__Work instruction__:
From the data below, repeat exactly the lines from the line with "#189=VECTOR('',#188,1.);" to the line with "#210=ORIENTED_EDGE('',*,*,#209,.F.);", both included.

__Entries shown__:
++++++++

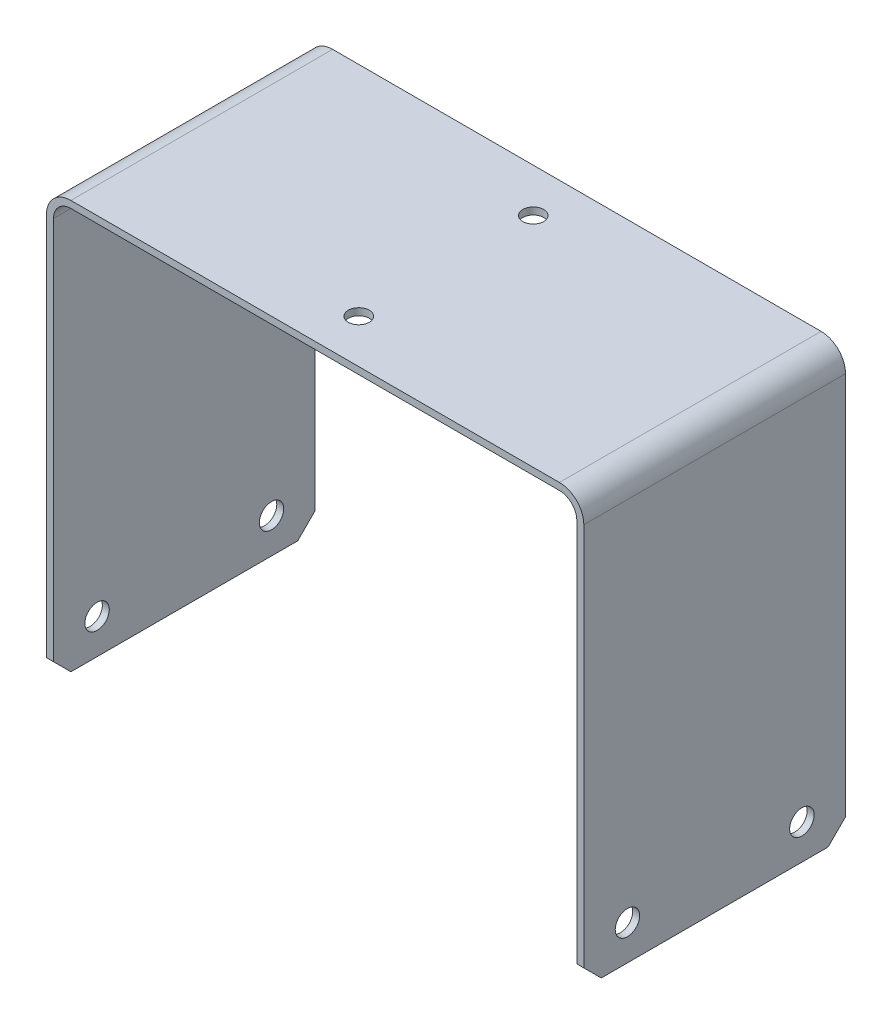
ISO-10303-21;
HEADER;
FILE_DESCRIPTION(('STEP AP214'),'2;1');
FILE_NAME('part.step','',(''),(''),'','','');
FILE_SCHEMA(('AUTOMOTIVE_DESIGN { 1 0 10303 214 1 1 1 1 }'));
ENDSEC;
DATA;
#1=APPLICATION_CONTEXT('core data for automotive mechanical design processes');
#2=APPLICATION_PROTOCOL_DEFINITION('international standard','automotive_design',2000,#1);
#3=PRODUCT_CONTEXT('',#1,'mechanical');
#4=PRODUCT('Part','Part','',(#3));
#5=PRODUCT_RELATED_PRODUCT_CATEGORY('part','',(#4));
#6=PRODUCT_DEFINITION_FORMATION('','',#4);
#7=PRODUCT_DEFINITION_CONTEXT('part definition',#1,'design');
#8=PRODUCT_DEFINITION('design','',#6,#7);
#9=PRODUCT_DEFINITION_SHAPE('','',#8);
#10=(LENGTH_UNIT() NAMED_UNIT(*) SI_UNIT(.MILLI.,.METRE.));
#11=(NAMED_UNIT(*) PLANE_ANGLE_UNIT() SI_UNIT($,.RADIAN.));
#12=(NAMED_UNIT(*) SI_UNIT($,.STERADIAN.) SOLID_ANGLE_UNIT());
#13=UNCERTAINTY_MEASURE_WITH_UNIT(LENGTH_MEASURE(1.E-05),#10,'distance_accuracy_value','');
#14=(GEOMETRIC_REPRESENTATION_CONTEXT(3) GLOBAL_UNCERTAINTY_ASSIGNED_CONTEXT((#13)) GLOBAL_UNIT_ASSIGNED_CONTEXT((#10,
#11,#12)) REPRESENTATION_CONTEXT('',''));
#15=CARTESIAN_POINT('',(0.,0.,0.));
#16=DIRECTION('',(0.,0.,1.));
#17=DIRECTION('',(1.,0.,0.));
#18=AXIS2_PLACEMENT_3D('',#15,#16,#17);
#19=CARTESIAN_POINT('',(75.,95.,37.5));
#20=DIRECTION('',(1.,0.,0.));
#21=DIRECTION('',(0.,1.,0.));
#22=AXIS2_PLACEMENT_3D('',#19,#20,#21);
#23=PLANE('',#22);
#24=CARTESIAN_POINT('',(75.,-10.,-25.));
#25=DIRECTION('',(1.,0.,0.));
#26=DIRECTION('',(0.,1.,0.));
#27=AXIS2_PLACEMENT_3D('',#24,#25,#26);
#28=CIRCLE('',#27,3.5);
#29=CARTESIAN_POINT('',(75.,-6.50000000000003,-25.));
#30=VERTEX_POINT('',#29);
#31=EDGE_CURVE('E290',#30,#30,#28,.T.);
#32=ORIENTED_EDGE('',*,*,#31,.T.);
#33=EDGE_LOOP('',(#32));
#34=FACE_BOUND('',#33,.T.);
#35=CARTESIAN_POINT('',(75.,-10.,25.));
#36=DIRECTION('',(1.,0.,0.));
#37=DIRECTION('',(0.,1.,0.));
#38=AXIS2_PLACEMENT_3D('',#35,#36,#37);
#39=CIRCLE('',#38,3.5);
#40=CARTESIAN_POINT('',(75.,-6.50000000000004,25.));
#41=VERTEX_POINT('',#40);
#42=EDGE_CURVE('E278',#41,#41,#39,.T.);
#43=ORIENTED_EDGE('',*,*,#42,.T.);
#44=EDGE_LOOP('',(#43));
#45=FACE_BOUND('',#44,.T.);
#46=DIRECTION('',(0.,-1.,0.));
#47=VECTOR('',#46,1.);
#48=CARTESIAN_POINT('',(75.,95.,-37.5));
#49=LINE('',#48,#47);
#50=CARTESIAN_POINT('',(75.,95.,-37.5));
#51=VERTEX_POINT('',#50);
#52=CARTESIAN_POINT('',(75.,-15.,-37.5));
#53=VERTEX_POINT('',#52);
#54=EDGE_CURVE('E169',#51,#53,#49,.T.);
#55=ORIENTED_EDGE('',*,*,#54,.T.);
#56=DIRECTION('',(0.,-0.707106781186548,0.707106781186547));
#57=VECTOR('',#56,1.);
#58=CARTESIAN_POINT('',(75.,-15.,-37.5));
#59=LINE('',#58,#57);
#60=CARTESIAN_POINT('',(75.,-20.,-32.5));
#61=VERTEX_POINT('',#60);
#62=EDGE_CURVE('E254',#53,#61,#59,.T.);
#63=ORIENTED_EDGE('',*,*,#62,.T.);
#64=DIRECTION('',(0.,0.,-1.));
#65=VECTOR('',#64,1.);
#66=CARTESIAN_POINT('',(75.,-20.,37.5));
#67=LINE('',#66,#65);
#68=CARTESIAN_POINT('',(75.,-20.,32.5));
#69=VERTEX_POINT('',#68);
#70=EDGE_CURVE('E236',#69,#61,#67,.T.);
#71=ORIENTED_EDGE('',*,*,#70,.F.);
#72=DIRECTION('',(0.,-0.70710678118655,-0.707106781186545));
#73=VECTOR('',#72,1.);
#74=CARTESIAN_POINT('',(75.,-20.,32.5));
#75=LINE('',#74,#73);
#76=CARTESIAN_POINT('',(75.,-15.,37.5));
#77=VERTEX_POINT('',#76);
#78=EDGE_CURVE('E252',#69,#77,#75,.F.);
#79=ORIENTED_EDGE('',*,*,#78,.T.);
#80=DIRECTION('',(0.,-1.,0.));
#81=VECTOR('',#80,1.);
#82=CARTESIAN_POINT('',(75.,95.,37.5));
#83=LINE('',#82,#81);
#84=CARTESIAN_POINT('',(75.,95.,37.5));
#85=VERTEX_POINT('',#84);
#86=EDGE_CURVE('E191',#85,#77,#83,.T.);
#87=ORIENTED_EDGE('',*,*,#86,.F.);
#88=DIRECTION('',(0.,0.,-1.));
#89=VECTOR('',#88,1.);
#90=CARTESIAN_POINT('',(75.,95.,37.5));
#91=LINE('',#90,#89);
#92=EDGE_CURVE('E213',#85,#51,#91,.T.);
#93=ORIENTED_EDGE('',*,*,#92,.T.);
#94=EDGE_LOOP('',(#55,#63,#71,#79,#87,#93));
#95=FACE_BOUND('',#94,.T.);
#96=ADVANCED_FACE('F32',(#34,#45,#95),#23,.F.);
#97=CARTESIAN_POINT('',(77.,-20.,37.5));
#98=DIRECTION('',(0.,-1.,0.));
#99=DIRECTION('',(1.,0.,0.));
#100=AXIS2_PLACEMENT_3D('',#97,#98,#99);
#101=PLANE('',#100);
#102=ORIENTED_EDGE('',*,*,#70,.T.);
#103=DIRECTION('',(1.,0.,0.));
#104=VECTOR('',#103,1.);
#105=CARTESIAN_POINT('',(77.,-20.,-32.5));
#106=LINE('',#105,#104);
#107=CARTESIAN_POINT('',(77.,-20.,-32.5));
#108=VERTEX_POINT('',#107);
#109=EDGE_CURVE('E259',#61,#108,#106,.T.);
#110=ORIENTED_EDGE('',*,*,#109,.T.);
#111=DIRECTION('',(0.,0.,-1.));
#112=VECTOR('',#111,1.);
#113=CARTESIAN_POINT('',(77.,-20.,37.5));
#114=LINE('',#113,#112);
#115=CARTESIAN_POINT('',(77.,-20.,32.5));
#116=VERTEX_POINT('',#115);
#117=EDGE_CURVE('E157',#116,#108,#114,.T.);
#118=ORIENTED_EDGE('',*,*,#117,.F.);
#119=DIRECTION('',(-1.,0.,0.));
#120=VECTOR('',#119,1.);
#121=CARTESIAN_POINT('',(77.,-20.,32.5));
#122=LINE('',#121,#120);
#123=EDGE_CURVE('E256',#116,#69,#122,.T.);
#124=ORIENTED_EDGE('',*,*,#123,.T.);
#125=EDGE_LOOP('',(#102,#110,#118,#124));
#126=FACE_BOUND('',#125,.T.);
#127=ADVANCED_FACE('F310',(#126),#101,.T.);
#128=CARTESIAN_POINT('',(77.,95.,37.5));
#129=DIRECTION('',(1.,0.,0.));
#130=DIRECTION('',(0.,1.,0.));
#131=AXIS2_PLACEMENT_3D('',#128,#129,#130);
#132=PLANE('',#131);
#133=CARTESIAN_POINT('',(77.,-10.,-25.));
#134=DIRECTION('',(-1.,0.,0.));
#135=DIRECTION('',(0.,-1.,0.));
#136=AXIS2_PLACEMENT_3D('',#133,#134,#135);
#137=CIRCLE('',#136,3.5);
#138=CARTESIAN_POINT('',(77.,-13.5,-25.));
#139=VERTEX_POINT('',#138);
#140=EDGE_CURVE('E495',#139,#139,#137,.T.);
#141=ORIENTED_EDGE('',*,*,#140,.T.);
#142=EDGE_LOOP('',(#141));
#143=FACE_BOUND('',#142,.T.);
#144=CARTESIAN_POINT('',(77.,-10.,25.));
#145=DIRECTION('',(-1.,0.,0.));
#146=DIRECTION('',(0.,-1.,0.));
#147=AXIS2_PLACEMENT_3D('',#144,#145,#146);
#148=CIRCLE('',#147,3.5);
#149=CARTESIAN_POINT('',(77.,-13.5,25.));
#150=VERTEX_POINT('',#149);
#151=EDGE_CURVE('E279',#150,#150,#148,.T.);
#152=ORIENTED_EDGE('',*,*,#151,.T.);
#153=EDGE_LOOP('',(#152));
#154=FACE_BOUND('',#153,.T.);
#155=ORIENTED_EDGE('',*,*,#117,.T.);
#156=DIRECTION('',(0.,0.707106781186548,-0.707106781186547));
#157=VECTOR('',#156,1.);
#158=CARTESIAN_POINT('',(77.,2.5,-55.));
#159=LINE('',#158,#157);
#160=CARTESIAN_POINT('',(77.,-15.,-37.5));
#161=VERTEX_POINT('',#160);
#162=EDGE_CURVE('E165',#108,#161,#159,.T.);
#163=ORIENTED_EDGE('',*,*,#162,.T.);
#164=DIRECTION('',(0.,-1.,0.));
#165=VECTOR('',#164,1.);
#166=CARTESIAN_POINT('',(77.,95.,-37.5));
#167=LINE('',#166,#165);
#168=CARTESIAN_POINT('',(77.,95.,-37.5));
#169=VERTEX_POINT('',#168);
#170=EDGE_CURVE('E161',#169,#161,#167,.T.);
#171=ORIENTED_EDGE('',*,*,#170,.F.);
#172=DIRECTION('',(0.,0.,-1.));
#173=VECTOR('',#172,1.);
#174=CARTESIAN_POINT('',(77.,95.,37.5));
#175=LINE('',#174,#173);
#176=CARTESIAN_POINT('',(77.,95.,37.5));
#177=VERTEX_POINT('',#176);
#178=EDGE_CURVE('E146',#177,#169,#175,.T.);
#179=ORIENTED_EDGE('',*,*,#178,.F.);
#180=DIRECTION('',(0.,-1.,0.));
#181=VECTOR('',#180,1.);
#182=CARTESIAN_POINT('',(77.,95.,37.5));
#183=LINE('',#182,#181);
#184=CARTESIAN_POINT('',(77.,-15.,37.5));
#185=VERTEX_POINT('',#184);
#186=EDGE_CURVE('E194',#177,#185,#183,.T.);
#187=ORIENTED_EDGE('',*,*,#186,.T.);
#188=DIRECTION('',(0.,0.70710678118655,0.707106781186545));
#189=VECTOR('',#188,1.);
#190=CARTESIAN_POINT('',(77.,40.0000000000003,92.5));
#191=LINE('',#190,#189);
#192=EDGE_CURVE('E261',#185,#116,#191,.F.);
#193=ORIENTED_EDGE('',*,*,#192,.T.);
#194=EDGE_LOOP('',(#155,#163,#171,#179,#187,#193));
#195=FACE_BOUND('',#194,.T.);
#196=ADVANCED_FACE('F163',(#143,#154,#195),#132,.T.);
#197=CARTESIAN_POINT('',(70.,95.,37.5));
#198=DIRECTION('',(0.,0.,-1.));
#199=DIRECTION('',(-1.,0.,0.));
#200=AXIS2_PLACEMENT_3D('',#197,#198,#199);
#201=CYLINDRICAL_SURFACE('',#200,7.);
#202=CARTESIAN_POINT('',(70.,95.,-37.5));
#203=DIRECTION('',(0.,0.,1.));
#204=DIRECTION('',(1.,0.,0.));
#205=AXIS2_PLACEMENT_3D('',#202,#203,#204);
#206=CIRCLE('',#205,7.);
#207=CARTESIAN_POINT('',(70.,102.,-37.5));
#208=VERTEX_POINT('',#207);
#209=EDGE_CURVE('E150',#208,#169,#206,.F.);
#210=ORIENTED_EDGE('',*,*,#209,.F.);
#211=DIRECTION('',(0.,0.,-1.));
#212=VECTOR('',#211,1.);
#213=CARTESIAN_POINT('',(70.,102.,37.5));
#214=LINE('',#213,#212);
#215=CARTESIAN_POINT('',(70.,102.,37.5));
#216=VERTEX_POINT('',#215);
#217=EDGE_CURVE('E158',#216,#208,#214,.T.);
#218=ORIENTED_EDGE('',*,*,#217,.F.);
#219=CARTESIAN_POINT('',(70.,95.,37.5));
#220=DIRECTION('',(0.,0.,1.));
#221=DIRECTION('',(1.,0.,0.));
#222=AXIS2_PLACEMENT_3D('',#219,#220,#221);
#223=CIRCLE('',#222,7.);
#224=EDGE_CURVE('E153',#216,#177,#223,.F.);
#225=ORIENTED_EDGE('',*,*,#224,.T.);
#226=ORIENTED_EDGE('',*,*,#178,.T.);
#227=EDGE_LOOP('',(#210,#218,#225,#226));
#228=FACE_BOUND('',#227,.T.);
#229=ADVANCED_FACE('F148',(#228),#201,.T.);
#230=CARTESIAN_POINT('',(-70.,102.,37.5));
#231=DIRECTION('',(0.,1.,0.));
#232=DIRECTION('',(-1.,0.,0.));
#233=AXIS2_PLACEMENT_3D('',#230,#231,#232);
#234=PLANE('',#233);
#235=CARTESIAN_POINT('',(0.,102.,-25.));
#236=DIRECTION('',(0.,1.,0.));
#237=DIRECTION('',(0.,0.,1.));
#238=AXIS2_PLACEMENT_3D('',#235,#236,#237);
#239=CIRCLE('',#238,3.);
#240=CARTESIAN_POINT('',(0.,102.,-22.));
#241=VERTEX_POINT('',#240);
#242=EDGE_CURVE('E247',#241,#241,#239,.T.);
#243=ORIENTED_EDGE('',*,*,#242,.F.);
#244=EDGE_LOOP('',(#243));
#245=FACE_BOUND('',#244,.T.);
#246=CARTESIAN_POINT('',(0.,102.,25.));
#247=DIRECTION('',(0.,1.,0.));
#248=DIRECTION('',(0.,0.,1.));
#249=AXIS2_PLACEMENT_3D('',#246,#247,#248);
#250=CIRCLE('',#249,3.);
#251=CARTESIAN_POINT('',(0.,102.,28.));
#252=VERTEX_POINT('',#251);
#253=EDGE_CURVE('E243',#252,#252,#250,.T.);
#254=ORIENTED_EDGE('',*,*,#253,.F.);
#255=EDGE_LOOP('',(#254));
#256=FACE_BOUND('',#255,.T.);
#257=DIRECTION('',(1.,0.,0.));
#258=VECTOR('',#257,1.);
#259=CARTESIAN_POINT('',(-70.,102.,-37.5));
#260=LINE('',#259,#258);
#261=CARTESIAN_POINT('',(-70.,102.,-37.5));
#262=VERTEX_POINT('',#261);
#263=EDGE_CURVE('E174',#262,#208,#260,.T.);
#264=ORIENTED_EDGE('',*,*,#263,.F.);
#265=DIRECTION('',(0.,0.,-1.));
#266=VECTOR('',#265,1.);
#267=CARTESIAN_POINT('',(-70.,102.,37.5));
#268=LINE('',#267,#266);
#269=CARTESIAN_POINT('',(-70.,102.,37.5));
#270=VERTEX_POINT('',#269);
#271=EDGE_CURVE('E232',#270,#262,#268,.T.);
#272=ORIENTED_EDGE('',*,*,#271,.F.);
#273=DIRECTION('',(1.,0.,0.));
#274=VECTOR('',#273,1.);
#275=CARTESIAN_POINT('',(-70.,102.,37.5));
#276=LINE('',#275,#274);
#277=EDGE_CURVE('E197',#270,#216,#276,.T.);
#278=ORIENTED_EDGE('',*,*,#277,.T.);
#279=ORIENTED_EDGE('',*,*,#217,.T.);
#280=EDGE_LOOP('',(#264,#272,#278,#279));
#281=FACE_BOUND('',#280,.T.);
#282=ADVANCED_FACE('F349',(#245,#256,#281),#234,.T.);
#283=CARTESIAN_POINT('',(-70.,95.,37.5));
#284=DIRECTION('',(0.,0.,-1.));
#285=DIRECTION('',(-1.,0.,0.));
#286=AXIS2_PLACEMENT_3D('',#283,#284,#285);
#287=CYLINDRICAL_SURFACE('',#286,7.);
#288=CARTESIAN_POINT('',(-70.,95.,-37.5));
#289=DIRECTION('',(0.,0.,1.));
#290=DIRECTION('',(1.,0.,0.));
#291=AXIS2_PLACEMENT_3D('',#288,#289,#290);
#292=CIRCLE('',#291,7.);
#293=CARTESIAN_POINT('',(-77.,95.,-37.5));
#294=VERTEX_POINT('',#293);
#295=EDGE_CURVE('E176',#294,#262,#292,.F.);
#296=ORIENTED_EDGE('',*,*,#295,.F.);
#297=DIRECTION('',(0.,0.,-1.));
#298=VECTOR('',#297,1.);
#299=CARTESIAN_POINT('',(-77.,95.,37.5));
#300=LINE('',#299,#298);
#301=CARTESIAN_POINT('',(-77.,95.,37.5));
#302=VERTEX_POINT('',#301);
#303=EDGE_CURVE('E229',#302,#294,#300,.T.);
#304=ORIENTED_EDGE('',*,*,#303,.F.);
#305=CARTESIAN_POINT('',(-70.,95.,37.5));
#306=DIRECTION('',(0.,0.,1.));
#307=DIRECTION('',(1.,0.,0.));
#308=AXIS2_PLACEMENT_3D('',#305,#306,#307);
#309=CIRCLE('',#308,7.);
#310=EDGE_CURVE('E200',#302,#270,#309,.F.);
#311=ORIENTED_EDGE('',*,*,#310,.T.);
#312=ORIENTED_EDGE('',*,*,#271,.T.);
#313=EDGE_LOOP('',(#296,#304,#311,#312));
#314=FACE_BOUND('',#313,.T.);
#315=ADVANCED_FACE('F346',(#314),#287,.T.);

++++++++

__Written answer__:
#189=VECTOR('',#188,1.);
#190=CARTESIAN_POINT('',(77.,40.0000000000003,92.5));
#191=LINE('',#190,#189);
#192=EDGE_CURVE('E261',#185,#116,#191,.F.);
#193=ORIENTED_EDGE('',*,*,#192,.T.);
#194=EDGE_LOOP('',(#155,#163,#171,#179,#187,#193));
#195=FACE_BOUND('',#194,.T.);
#196=ADVANCED_FACE('F163',(#143,#154,#195),#132,.T.);
#197=CARTESIAN_POINT('',(70.,95.,37.5));
#198=DIRECTION('',(0.,0.,-1.));
#199=DIRECTION('',(-1.,0.,0.));
#200=AXIS2_PLACEMENT_3D('',#197,#198,#199);
#201=CYLINDRICAL_SURFACE('',#200,7.);
#202=CARTESIAN_POINT('',(70.,95.,-37.5));
#203=DIRECTION('',(0.,0.,1.));
#204=DIRECTION('',(1.,0.,0.));
#205=AXIS2_PLACEMENT_3D('',#202,#203,#204);
#206=CIRCLE('',#205,7.);
#207=CARTESIAN_POINT('',(70.,102.,-37.5));
#208=VERTEX_POINT('',#207);
#209=EDGE_CURVE('E150',#208,#169,#206,.F.);
#210=ORIENTED_EDGE('',*,*,#209,.F.);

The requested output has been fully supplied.